Because async functions return promises, so Translatedtext is a reference to a promise, and when you dump it out, you see the details of that promise, including the fact that it's pending.

If you meant to get the result , you'd have to await it (or use then ):

var Translatedtext = await translateSentence("Welcome", "en", "fr");
// ------------------^
console.log(Translatedtext);

(handling the exception if it rejects), or

translateSentence("Welcome", "en", "fr")
    .then(Translatedtext => {
        console.log(Translatedtext);
    })
    .catch(err => {
        // Handle the fact an error occurred
    });

Note that to use await , you'd have to be in an async function.

translateSentence is defined as async , thus it returns a Promise .
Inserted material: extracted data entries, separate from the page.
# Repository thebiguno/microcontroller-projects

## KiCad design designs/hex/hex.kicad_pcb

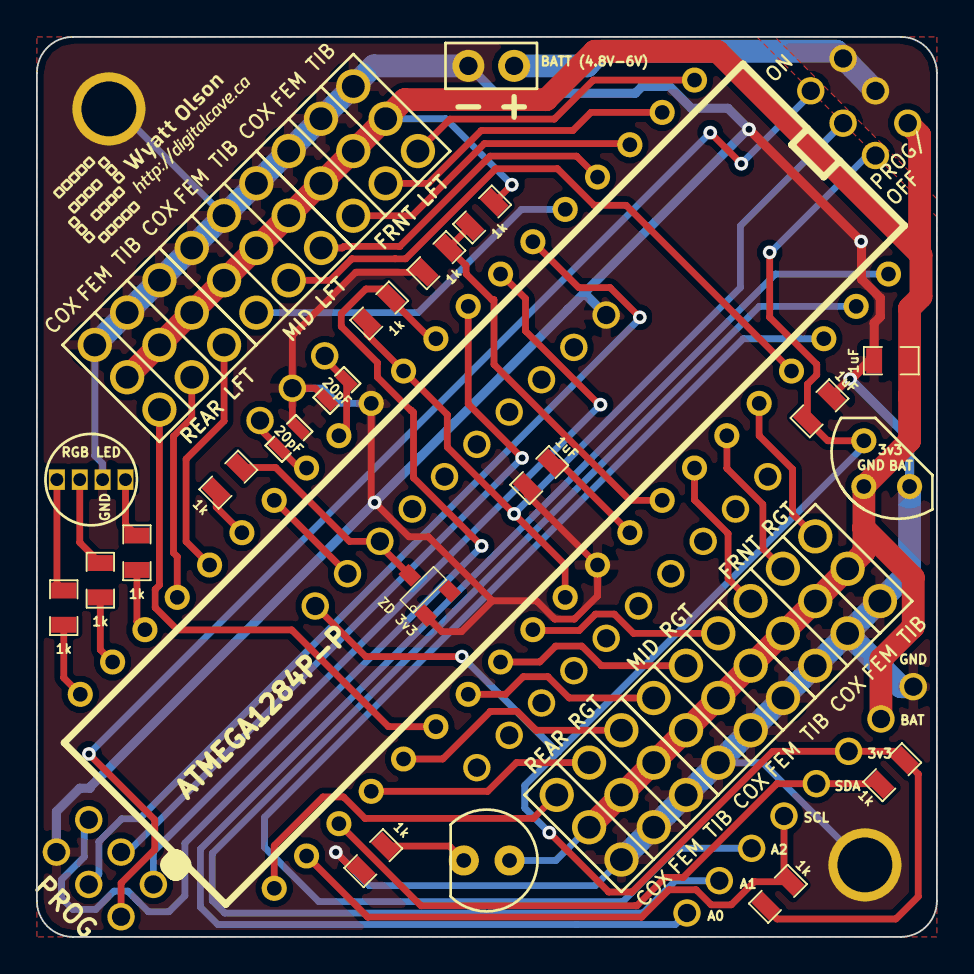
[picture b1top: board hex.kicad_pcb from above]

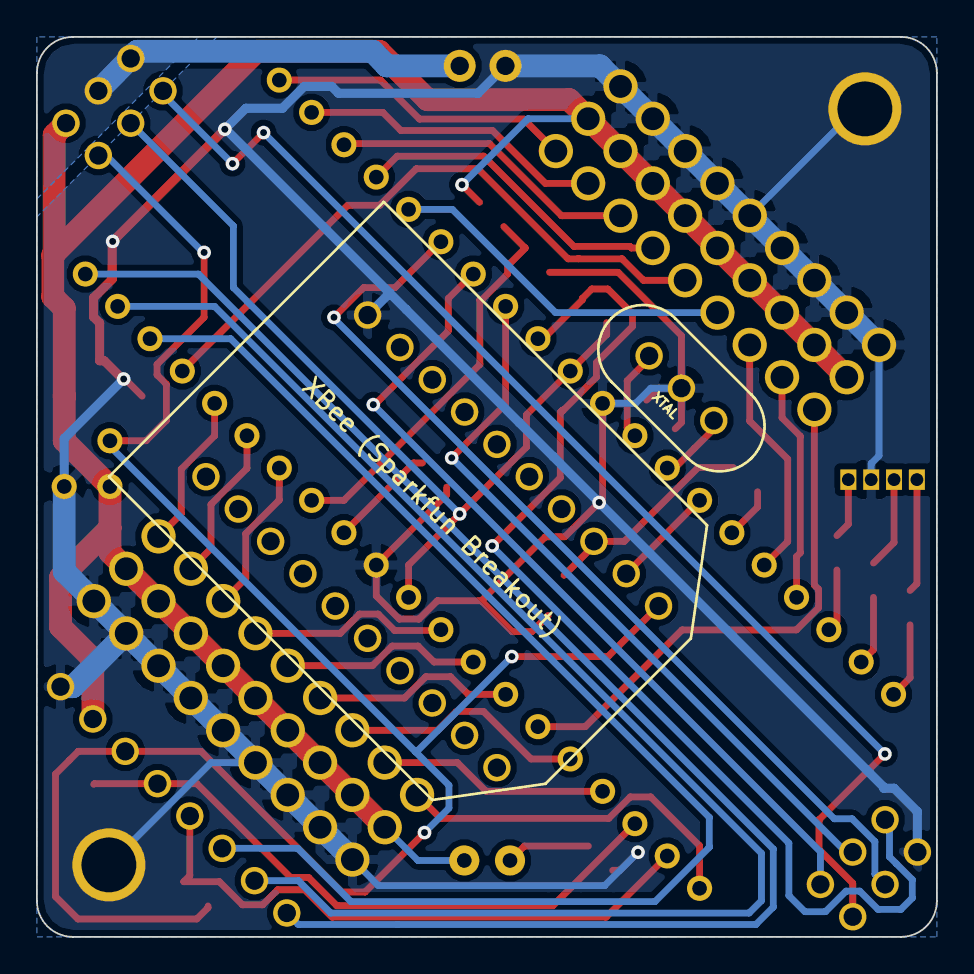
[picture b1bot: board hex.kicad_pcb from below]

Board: 2 copper layers, 50.0 x 50.0 mm, 35 parts (2 on the bottom side), 47 nets.

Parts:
1PIN, 1PIN#2: P***; 1pin
C1, C2, C3: 1uF; SM0805
C4, C5: 20pF; SM0603_Capa
D1: LED; LED-5MM
IC1: ATMEGA1284P-P; DIP-40__600
K1: XTAL; PIN_ARRAY_3X1
K2: REGUL; TO92
L1: RGB LED; LED_RGB
P1: PROG; pin_array_3x2
P2: BATT (4.8V-6V); PIN_ARRAY_2X1
P3: CONN_8; PIN_ARRAY_8x1
R1, R2, R3, R4, R5, R6, R7, R8, R9, R10: 1k; SM0805
S1: FRNT LFT; HEX_LEG
S2: FRNT RGT; HEX_LEG_REVERSE
S3: MID LFT; HEX_LEG
S4: MID RGT; HEX_LEG_REVERSE
S5: REAR LFT; HEX_LEG
S6: REAR RGT; HEX_LEG_REVERSE
SW1: DPDT
VAL: DIGITALCAVE_LOGO_WIDE_SMALL
X1: XBee (Sparkfun Breakout); XBEE_SPARKFUN_BREAKOUT
ZD1: ZD 3v3; SOT23

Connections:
ADC0: IC1.40, P3.1
ADC1: IC1.39, P3.2
ADC2: IC1.38, P3.3
ADC_BATTERY_METER: IC1.33, R2.2, R3.2
AREF: C1.2, IC1.32
AVR_RX: IC1.14, X1.2
AVR_TX: R9.2, X1.3, ZD1.2
BATTERY: P2.1, SW1.1, SW1.2
GND: 1PIN.1, 1PIN#2.1, C1.1, C2.1, C3.2, C4.1, C5.1, IC1.11, IC1.31, K1.2, K2.1, L1.2, P1.6, P2.2, P3.8, R3.1, R10.2, S1.7, S1.8, S1.9, S2.7, S2.8, S2.9, S3.7, S3.8, S3.9, S4.7, S4.8, S4.9, S5.7, S5.8, S5.9, S6.7, S6.8, S6.9, X1.10, ZD1.1
I2C_SCL: IC1.22, P3.4, R8.2
I2C_SDA: IC1.23, P3.5, R7.2
LED_BLUE: IC1.19, R6.1
LED_BLUE_R: L1.3, R6.2
LED_GREEN: IC1.20, R5.1
LED_GREEN_R: L1.4, R5.2
LED_RED: IC1.18, R4.1
LED_RED_R: L1.1, R4.2
MISO: IC1.7, P1.1
MOSI: IC1.6, P1.4
unnamed: D1.2, R10.1
unnamed: IC1.15, R9.1
PWM00: IC1.3, S1.1
PWM01: IC1.2, S1.2
PWM02: IC1.1, S1.3
PWM03: IC1.36, S2.1
PWM04: IC1.35, S2.2
PWM05: IC1.34, S2.3
PWM06: IC1.5, S3.1
PWM07: IC1.37, S3.2
PWM08: IC1.4, S3.3
PWM09: IC1.29, S4.1
PWM10: IC1.28, S4.2
PWM11: IC1.27, S4.3
PWM12: IC1.26, S5.1
PWM13: IC1.17, S5.2
PWM14: IC1.16, S5.3
PWM15: IC1.25, S6.1
PWM16: IC1.24, S6.2
PWM17: IC1.21, S6.3
RESET: IC1.9, P1.5, R1.1
SCK: IC1.8, P1.3
SWITCHED_BATTERY: C2.2, D1.1, K2.2, P3.7, R2.1, S1.4, S1.5, S1.6, S2.4, S2.5, S2.6, S3.4, S3.5, S3.6, S4.4, S4.5, S4.6, S5.4, S5.5, S5.6, S6.4, S6.5, S6.6, SW1.3
VCC_3v3: C3.1, K2.3, P3.6, R7.1, R8.1, SW1.6, X1.1
VCC_AVR: IC1.10, IC1.30, R1.2, SW1.5
VCC_PROG: P1.2, SW1.4
XTAL1: C5.2, IC1.13, K1.1
XTAL2: C4.2, IC1.12, K1.3

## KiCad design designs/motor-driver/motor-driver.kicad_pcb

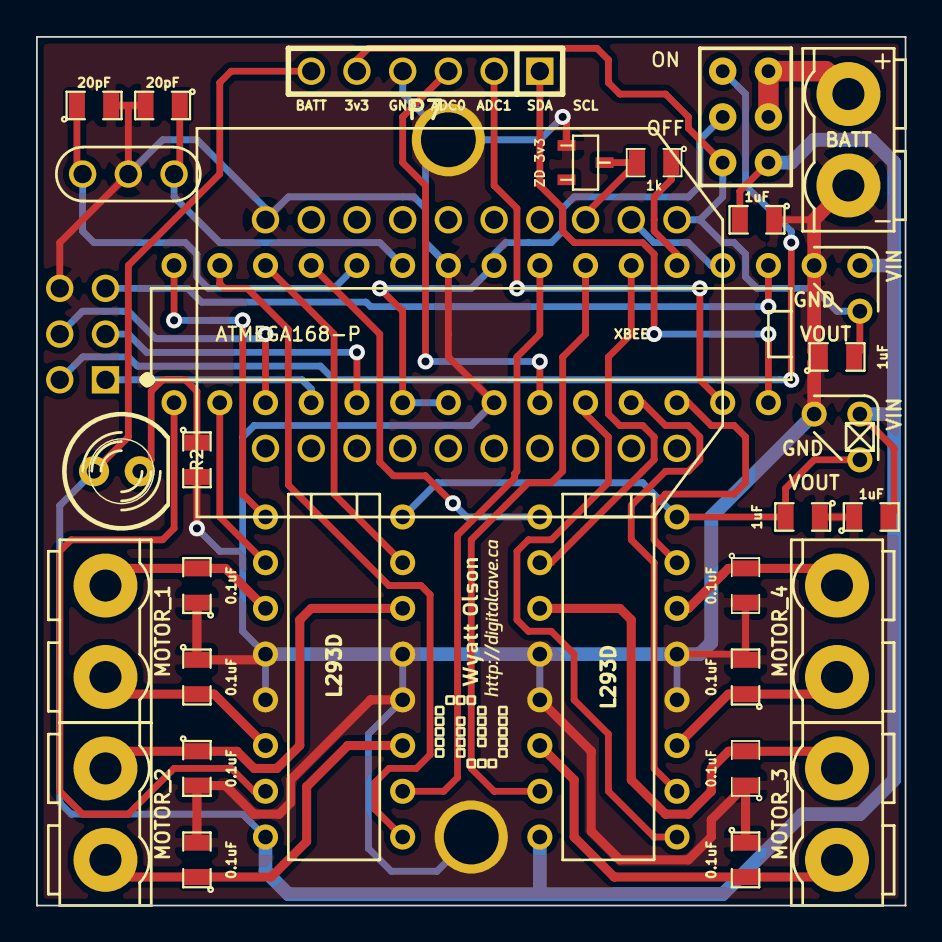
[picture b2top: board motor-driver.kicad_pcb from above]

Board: 2 copper layers, 48.3 x 48.3 mm, 36 parts (0 on the bottom side), 40 nets.

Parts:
1PIN, 1PIN#2: P***; 1pin
C1, C2, C3, C4: 1uF; SM0805
C5, C6: 20pF; SM0805
C7, C8, C9, C10, C11, C12, C13, C14: 0.1uF; SM0805
D1: ZD 3v3; sot23
D2: LED; LED-5MM
IC1: ATMEGA168-P; DIP-28__300
P1: BATT; SCREW_TERMINAL_2
P2: ISP
P3: MOTOR_1; SCREW_TERMINAL_2
P4: MOTOR_2; SCREW_TERMINAL_2
P5: MOTOR_3; SCREW_TERMINAL_2
P6: MOTOR_4; SCREW_TERMINAL_2
P7: CONN_6; PIN_ARRAY-6X1
R1, R2: 1k; SM0805
S1: DPDT
U1, U2: L293D; DIP-16__300
VAL: DIGITALCAVE_LOGO_WIDE_SMALL
VR1, VR2: MCP1702; TO92_SMALL
X1: CRYSTAL_RESONATOR
X2: XBEE; XBEE_SPARKFUN_BREAKOUT

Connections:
+3.3V: C4.2, P7.5, S1.6, VR2.3, X2.1
+5V: C2.2, U1.16, U2.16, VR1.3
+BATT: C1.2, C3.2, D2.1, P7.6, S1.3, U1.8, U2.8, VR1.2, VR2.2
/ADC0: IC1.23, P7.3
/AVR_VCC: IC1.7, IC1.20, IC1.21, S1.5
/BATTERY: P1.2, S1.1, S1.2
/MISO: IC1.18, P2.1
/MOSI: IC1.17, P2.4
/MOTOR1_1A: IC1.16, U1.2
/MOTOR1_1Y: C7.2, P3.1, U1.3
/MOTOR1_2A: IC1.15, U1.7
/MOTOR1_2Y: C11.2, P3.2, U1.6
/MOTOR1_ENABLE: IC1.14, U1.1
/MOTOR2_3A: IC1.6, U1.10
/MOTOR2_3Y: C12.1, P4.2, U1.11
/MOTOR2_4A: IC1.12, U1.15
/MOTOR2_4Y: C8.1, P4.1, U1.14
/MOTOR2_ENABLE: IC1.13, U1.9
/MOTOR3_1A: IC1.4, U2.2
/MOTOR3_1Y: C9.2, P5.2, U2.3
/MOTOR3_2A: IC1.5, U2.7
/MOTOR3_2Y: C13.2, P5.1, U2.6
/MOTOR3_ENABLE: IC1.11, U2.1
/MOTOR4_3A: IC1.25, U2.10
/MOTOR4_3Y: C14.1, P6.1, U2.11
/MOTOR4_4A: IC1.26, U2.15
/MOTOR4_4Y: C10.1, P6.2, U2.14
/MOTOR4_ENABLE: IC1.24, U2.9
/PROG_VCC: P2.2, S1.4
/RESET: IC1.1, P2.5
/RX: IC1.2, X2.2
/SCK: IC1.19, P2.3
/SCL: IC1.28, P7.1
/SDA: IC1.27, P7.2
/TX: IC1.3, R1.1
/XTAL1: C5.1, IC1.9, X1.1
/XTAL2: C6.1, IC1.10, X1.2
GND: 1PIN.1, 1PIN#2.1, C1.1, C2.1, C3.1, C4.1, C5.2, C6.2, C7.1, C8.2, C9.1, C10.2, C11.1, C12.2, C13.1, C14.2, D1.1, IC1.8, IC1.22, P1.1, P2.6, P7.4, R2.2, U1.4, U1.5, U1.12, U1.13, U2.4, U2.5, U2.12, U2.13, VR1.1, VR2.1, X1.3, X2.10
unnamed: D2.2, R2.1
unnamed: D1.2, R1.2, X2.3

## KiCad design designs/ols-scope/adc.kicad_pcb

This means you need to wait for the promise resolve/reject before being able to access the result:

translateSentence("Welcome", "en", "fr")
  .then(Translatedtext => {
    var data = { Translatedtext };
    var string = JSON.stringify(data);
    console.log(JSON.parse(string)); 
  })
  .catch(err => console.log(err);

Assuming translate is returning a promise, we could make an async function and wait for translateSentence to do it's thing then add the text to the object.

This would be done like this:

async function performOperations(){
    let Translatedtext = await translateSentence("Welcome", "en", "fr")
    data = new Object();
    data.Translatedtext = Translatedtext;

    var string = JSON.stringify(data);
    console.log(JSON.parse(string));
}

performOperations()

What you are doing is checking the object before it has finished processing the request to the google api. So your data is more than likely getting to its location, its just that you're looking at the object too soon.